EXERCISE INSTRUCTIONS:
Copy every line below that has the word "Inventor" in it.
** Opening DATA EXCERPTS block **
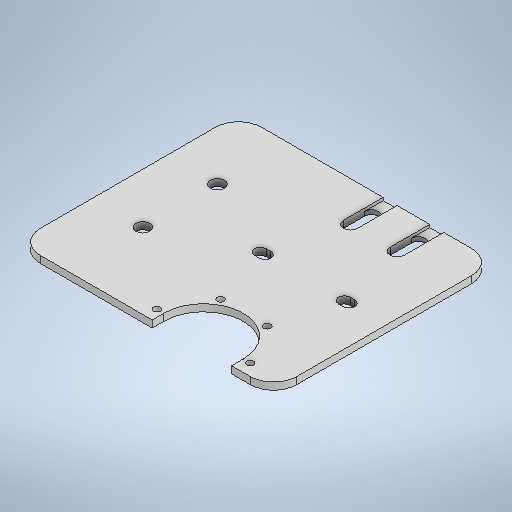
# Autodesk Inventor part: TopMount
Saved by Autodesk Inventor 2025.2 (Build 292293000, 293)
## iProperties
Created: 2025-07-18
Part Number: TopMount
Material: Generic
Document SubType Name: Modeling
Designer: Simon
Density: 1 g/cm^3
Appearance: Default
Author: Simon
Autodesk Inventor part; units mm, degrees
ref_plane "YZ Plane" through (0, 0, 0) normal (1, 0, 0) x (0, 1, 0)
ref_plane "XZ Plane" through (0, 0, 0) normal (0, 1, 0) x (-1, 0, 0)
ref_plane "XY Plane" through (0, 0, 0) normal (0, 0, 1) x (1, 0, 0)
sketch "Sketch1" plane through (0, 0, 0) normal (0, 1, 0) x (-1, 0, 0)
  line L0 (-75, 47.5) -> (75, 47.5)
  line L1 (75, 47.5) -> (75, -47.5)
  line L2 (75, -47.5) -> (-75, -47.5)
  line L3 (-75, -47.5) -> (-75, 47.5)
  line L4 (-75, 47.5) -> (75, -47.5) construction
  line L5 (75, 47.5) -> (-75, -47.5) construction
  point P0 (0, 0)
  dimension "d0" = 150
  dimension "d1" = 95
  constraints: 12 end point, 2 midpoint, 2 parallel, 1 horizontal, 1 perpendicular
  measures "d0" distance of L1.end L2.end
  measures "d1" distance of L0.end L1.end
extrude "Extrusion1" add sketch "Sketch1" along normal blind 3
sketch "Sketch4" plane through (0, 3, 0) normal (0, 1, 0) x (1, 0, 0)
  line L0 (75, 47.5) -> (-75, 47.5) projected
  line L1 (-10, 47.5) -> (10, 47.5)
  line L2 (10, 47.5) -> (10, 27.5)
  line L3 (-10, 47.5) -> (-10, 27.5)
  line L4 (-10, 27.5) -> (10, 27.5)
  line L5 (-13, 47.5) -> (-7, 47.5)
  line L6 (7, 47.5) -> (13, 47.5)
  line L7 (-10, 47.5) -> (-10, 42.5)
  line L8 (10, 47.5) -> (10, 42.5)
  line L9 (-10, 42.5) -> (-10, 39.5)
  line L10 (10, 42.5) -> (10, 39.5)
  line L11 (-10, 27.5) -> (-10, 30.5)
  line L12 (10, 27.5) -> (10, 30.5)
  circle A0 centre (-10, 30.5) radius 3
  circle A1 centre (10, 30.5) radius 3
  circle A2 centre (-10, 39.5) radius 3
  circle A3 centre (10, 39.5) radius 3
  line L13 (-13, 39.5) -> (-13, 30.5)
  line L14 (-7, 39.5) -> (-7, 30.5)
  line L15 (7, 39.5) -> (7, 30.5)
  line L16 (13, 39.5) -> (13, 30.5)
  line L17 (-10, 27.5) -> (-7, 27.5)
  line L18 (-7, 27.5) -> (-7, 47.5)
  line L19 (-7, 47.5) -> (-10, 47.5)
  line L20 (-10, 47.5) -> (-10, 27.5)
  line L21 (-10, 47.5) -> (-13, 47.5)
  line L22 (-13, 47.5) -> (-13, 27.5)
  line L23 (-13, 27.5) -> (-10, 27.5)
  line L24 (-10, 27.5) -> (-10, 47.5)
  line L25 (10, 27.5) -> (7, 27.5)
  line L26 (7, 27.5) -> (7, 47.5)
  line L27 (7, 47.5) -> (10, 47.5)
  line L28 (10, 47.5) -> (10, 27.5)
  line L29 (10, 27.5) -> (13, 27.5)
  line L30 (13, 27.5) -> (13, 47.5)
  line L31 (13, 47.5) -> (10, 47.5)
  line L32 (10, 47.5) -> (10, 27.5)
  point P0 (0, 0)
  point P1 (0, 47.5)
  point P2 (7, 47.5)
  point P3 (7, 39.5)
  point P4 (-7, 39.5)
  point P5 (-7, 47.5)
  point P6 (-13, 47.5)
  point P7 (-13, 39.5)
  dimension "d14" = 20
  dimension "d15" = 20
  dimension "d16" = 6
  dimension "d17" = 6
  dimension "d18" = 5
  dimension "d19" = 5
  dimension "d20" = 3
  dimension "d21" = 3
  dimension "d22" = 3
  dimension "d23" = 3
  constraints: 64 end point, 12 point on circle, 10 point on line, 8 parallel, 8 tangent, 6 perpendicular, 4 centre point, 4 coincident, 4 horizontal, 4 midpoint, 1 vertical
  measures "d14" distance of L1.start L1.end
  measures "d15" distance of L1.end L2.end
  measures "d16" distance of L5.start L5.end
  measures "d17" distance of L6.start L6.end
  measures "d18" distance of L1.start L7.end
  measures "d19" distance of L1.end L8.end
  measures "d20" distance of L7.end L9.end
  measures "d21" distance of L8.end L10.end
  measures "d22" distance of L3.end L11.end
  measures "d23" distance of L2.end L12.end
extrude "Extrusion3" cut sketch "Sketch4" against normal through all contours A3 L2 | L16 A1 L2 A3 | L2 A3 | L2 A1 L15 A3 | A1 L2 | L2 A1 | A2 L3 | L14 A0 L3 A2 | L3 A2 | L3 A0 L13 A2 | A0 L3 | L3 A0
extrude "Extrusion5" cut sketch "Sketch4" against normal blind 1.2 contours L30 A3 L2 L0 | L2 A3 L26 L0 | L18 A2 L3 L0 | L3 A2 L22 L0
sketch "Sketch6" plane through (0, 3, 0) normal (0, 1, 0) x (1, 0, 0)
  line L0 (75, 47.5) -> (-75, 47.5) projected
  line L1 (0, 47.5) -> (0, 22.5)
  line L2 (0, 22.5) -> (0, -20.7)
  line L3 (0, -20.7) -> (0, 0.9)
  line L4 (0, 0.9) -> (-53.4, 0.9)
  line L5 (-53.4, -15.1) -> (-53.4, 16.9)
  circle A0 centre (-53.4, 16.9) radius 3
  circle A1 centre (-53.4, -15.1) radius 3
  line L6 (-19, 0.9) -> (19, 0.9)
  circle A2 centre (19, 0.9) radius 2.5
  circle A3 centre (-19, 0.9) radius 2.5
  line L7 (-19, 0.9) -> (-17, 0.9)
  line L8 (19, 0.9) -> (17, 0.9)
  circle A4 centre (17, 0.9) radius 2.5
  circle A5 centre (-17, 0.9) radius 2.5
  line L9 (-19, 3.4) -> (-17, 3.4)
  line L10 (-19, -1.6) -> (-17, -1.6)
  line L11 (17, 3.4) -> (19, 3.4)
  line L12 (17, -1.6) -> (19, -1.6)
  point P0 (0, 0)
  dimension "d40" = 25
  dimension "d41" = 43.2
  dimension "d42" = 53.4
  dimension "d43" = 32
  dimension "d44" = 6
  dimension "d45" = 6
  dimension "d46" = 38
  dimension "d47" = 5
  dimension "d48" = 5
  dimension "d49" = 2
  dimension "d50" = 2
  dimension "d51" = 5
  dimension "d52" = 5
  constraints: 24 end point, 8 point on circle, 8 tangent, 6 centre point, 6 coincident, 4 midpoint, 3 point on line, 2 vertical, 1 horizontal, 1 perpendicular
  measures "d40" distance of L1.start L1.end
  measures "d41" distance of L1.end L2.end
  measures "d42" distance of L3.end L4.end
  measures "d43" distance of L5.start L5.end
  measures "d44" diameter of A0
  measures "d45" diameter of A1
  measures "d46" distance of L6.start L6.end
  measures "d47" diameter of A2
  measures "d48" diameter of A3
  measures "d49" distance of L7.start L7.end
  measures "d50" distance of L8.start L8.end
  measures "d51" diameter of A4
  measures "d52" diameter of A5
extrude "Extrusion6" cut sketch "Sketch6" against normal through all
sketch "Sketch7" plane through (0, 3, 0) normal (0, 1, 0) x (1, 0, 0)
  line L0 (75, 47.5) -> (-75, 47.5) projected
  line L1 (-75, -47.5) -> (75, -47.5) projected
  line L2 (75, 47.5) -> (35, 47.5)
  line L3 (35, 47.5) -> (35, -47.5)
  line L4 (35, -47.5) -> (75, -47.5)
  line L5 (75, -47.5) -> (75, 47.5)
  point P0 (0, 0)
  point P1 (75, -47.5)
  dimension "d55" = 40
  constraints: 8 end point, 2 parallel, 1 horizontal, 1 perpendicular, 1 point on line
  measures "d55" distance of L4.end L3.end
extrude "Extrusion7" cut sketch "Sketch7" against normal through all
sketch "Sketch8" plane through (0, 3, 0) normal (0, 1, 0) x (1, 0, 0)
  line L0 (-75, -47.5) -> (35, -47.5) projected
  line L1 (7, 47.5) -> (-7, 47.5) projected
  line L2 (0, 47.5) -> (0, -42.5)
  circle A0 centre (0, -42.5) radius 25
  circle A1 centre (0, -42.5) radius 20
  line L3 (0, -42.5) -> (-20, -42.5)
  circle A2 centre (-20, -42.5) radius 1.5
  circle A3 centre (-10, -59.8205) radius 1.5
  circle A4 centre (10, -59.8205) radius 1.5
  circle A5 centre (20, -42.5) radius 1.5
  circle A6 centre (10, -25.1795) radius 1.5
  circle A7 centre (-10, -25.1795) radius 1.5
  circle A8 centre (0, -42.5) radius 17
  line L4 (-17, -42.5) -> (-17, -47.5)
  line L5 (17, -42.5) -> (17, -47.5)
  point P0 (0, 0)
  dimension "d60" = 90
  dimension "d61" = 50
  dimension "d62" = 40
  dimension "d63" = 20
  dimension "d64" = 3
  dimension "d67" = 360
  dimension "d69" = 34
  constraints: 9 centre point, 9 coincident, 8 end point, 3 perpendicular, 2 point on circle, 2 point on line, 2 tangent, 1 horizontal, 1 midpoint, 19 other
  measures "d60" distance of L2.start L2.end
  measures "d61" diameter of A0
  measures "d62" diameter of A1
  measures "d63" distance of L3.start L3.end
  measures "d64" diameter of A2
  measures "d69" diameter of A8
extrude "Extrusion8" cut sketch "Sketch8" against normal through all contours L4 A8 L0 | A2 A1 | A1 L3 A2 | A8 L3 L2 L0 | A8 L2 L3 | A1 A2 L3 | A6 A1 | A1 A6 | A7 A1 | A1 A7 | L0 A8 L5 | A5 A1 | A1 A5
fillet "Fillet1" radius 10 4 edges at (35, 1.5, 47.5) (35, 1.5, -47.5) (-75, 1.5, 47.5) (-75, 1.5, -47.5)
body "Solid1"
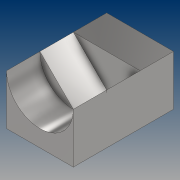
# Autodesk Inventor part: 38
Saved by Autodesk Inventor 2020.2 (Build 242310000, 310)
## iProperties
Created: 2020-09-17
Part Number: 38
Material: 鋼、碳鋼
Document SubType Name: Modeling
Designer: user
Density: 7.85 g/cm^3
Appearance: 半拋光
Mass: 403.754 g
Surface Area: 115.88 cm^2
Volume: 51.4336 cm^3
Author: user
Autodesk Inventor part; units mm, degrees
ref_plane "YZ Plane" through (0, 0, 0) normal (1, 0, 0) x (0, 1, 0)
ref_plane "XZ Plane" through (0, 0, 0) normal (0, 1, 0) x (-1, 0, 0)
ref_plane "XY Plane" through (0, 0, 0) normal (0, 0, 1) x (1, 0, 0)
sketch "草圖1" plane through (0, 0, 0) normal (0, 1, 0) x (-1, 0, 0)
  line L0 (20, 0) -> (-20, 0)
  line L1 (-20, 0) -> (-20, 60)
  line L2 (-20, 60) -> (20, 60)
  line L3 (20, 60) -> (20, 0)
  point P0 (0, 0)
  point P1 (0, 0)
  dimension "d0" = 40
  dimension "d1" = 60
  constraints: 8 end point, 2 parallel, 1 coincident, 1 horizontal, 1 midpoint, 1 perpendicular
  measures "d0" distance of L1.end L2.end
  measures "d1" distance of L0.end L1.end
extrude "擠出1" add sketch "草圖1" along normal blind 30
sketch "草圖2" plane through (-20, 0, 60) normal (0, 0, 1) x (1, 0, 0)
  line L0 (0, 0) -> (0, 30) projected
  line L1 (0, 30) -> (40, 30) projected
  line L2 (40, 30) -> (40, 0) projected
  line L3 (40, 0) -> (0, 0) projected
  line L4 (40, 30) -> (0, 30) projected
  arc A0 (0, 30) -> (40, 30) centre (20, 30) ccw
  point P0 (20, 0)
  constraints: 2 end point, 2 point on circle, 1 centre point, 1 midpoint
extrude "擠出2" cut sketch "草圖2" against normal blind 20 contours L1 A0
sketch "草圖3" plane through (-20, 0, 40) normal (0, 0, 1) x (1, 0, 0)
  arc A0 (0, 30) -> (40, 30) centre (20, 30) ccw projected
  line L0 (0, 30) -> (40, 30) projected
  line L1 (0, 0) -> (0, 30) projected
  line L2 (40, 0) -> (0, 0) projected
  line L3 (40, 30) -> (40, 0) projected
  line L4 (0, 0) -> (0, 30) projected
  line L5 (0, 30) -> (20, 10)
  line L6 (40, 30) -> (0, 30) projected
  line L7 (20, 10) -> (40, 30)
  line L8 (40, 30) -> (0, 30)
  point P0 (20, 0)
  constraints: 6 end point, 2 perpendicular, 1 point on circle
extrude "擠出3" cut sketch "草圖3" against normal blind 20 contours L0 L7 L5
** Closing DATA EXCERPTS block **
EXERCISE OUTPUT:
# Autodesk Inventor part: TopMount
Saved by Autodesk Inventor 2025.2 (Build 292293000, 293)
Autodesk Inventor part; units mm, degrees
# Autodesk Inventor part: 38
Saved by Autodesk Inventor 2020.2 (Build 242310000, 310)
Autodesk Inventor part; units mm, degrees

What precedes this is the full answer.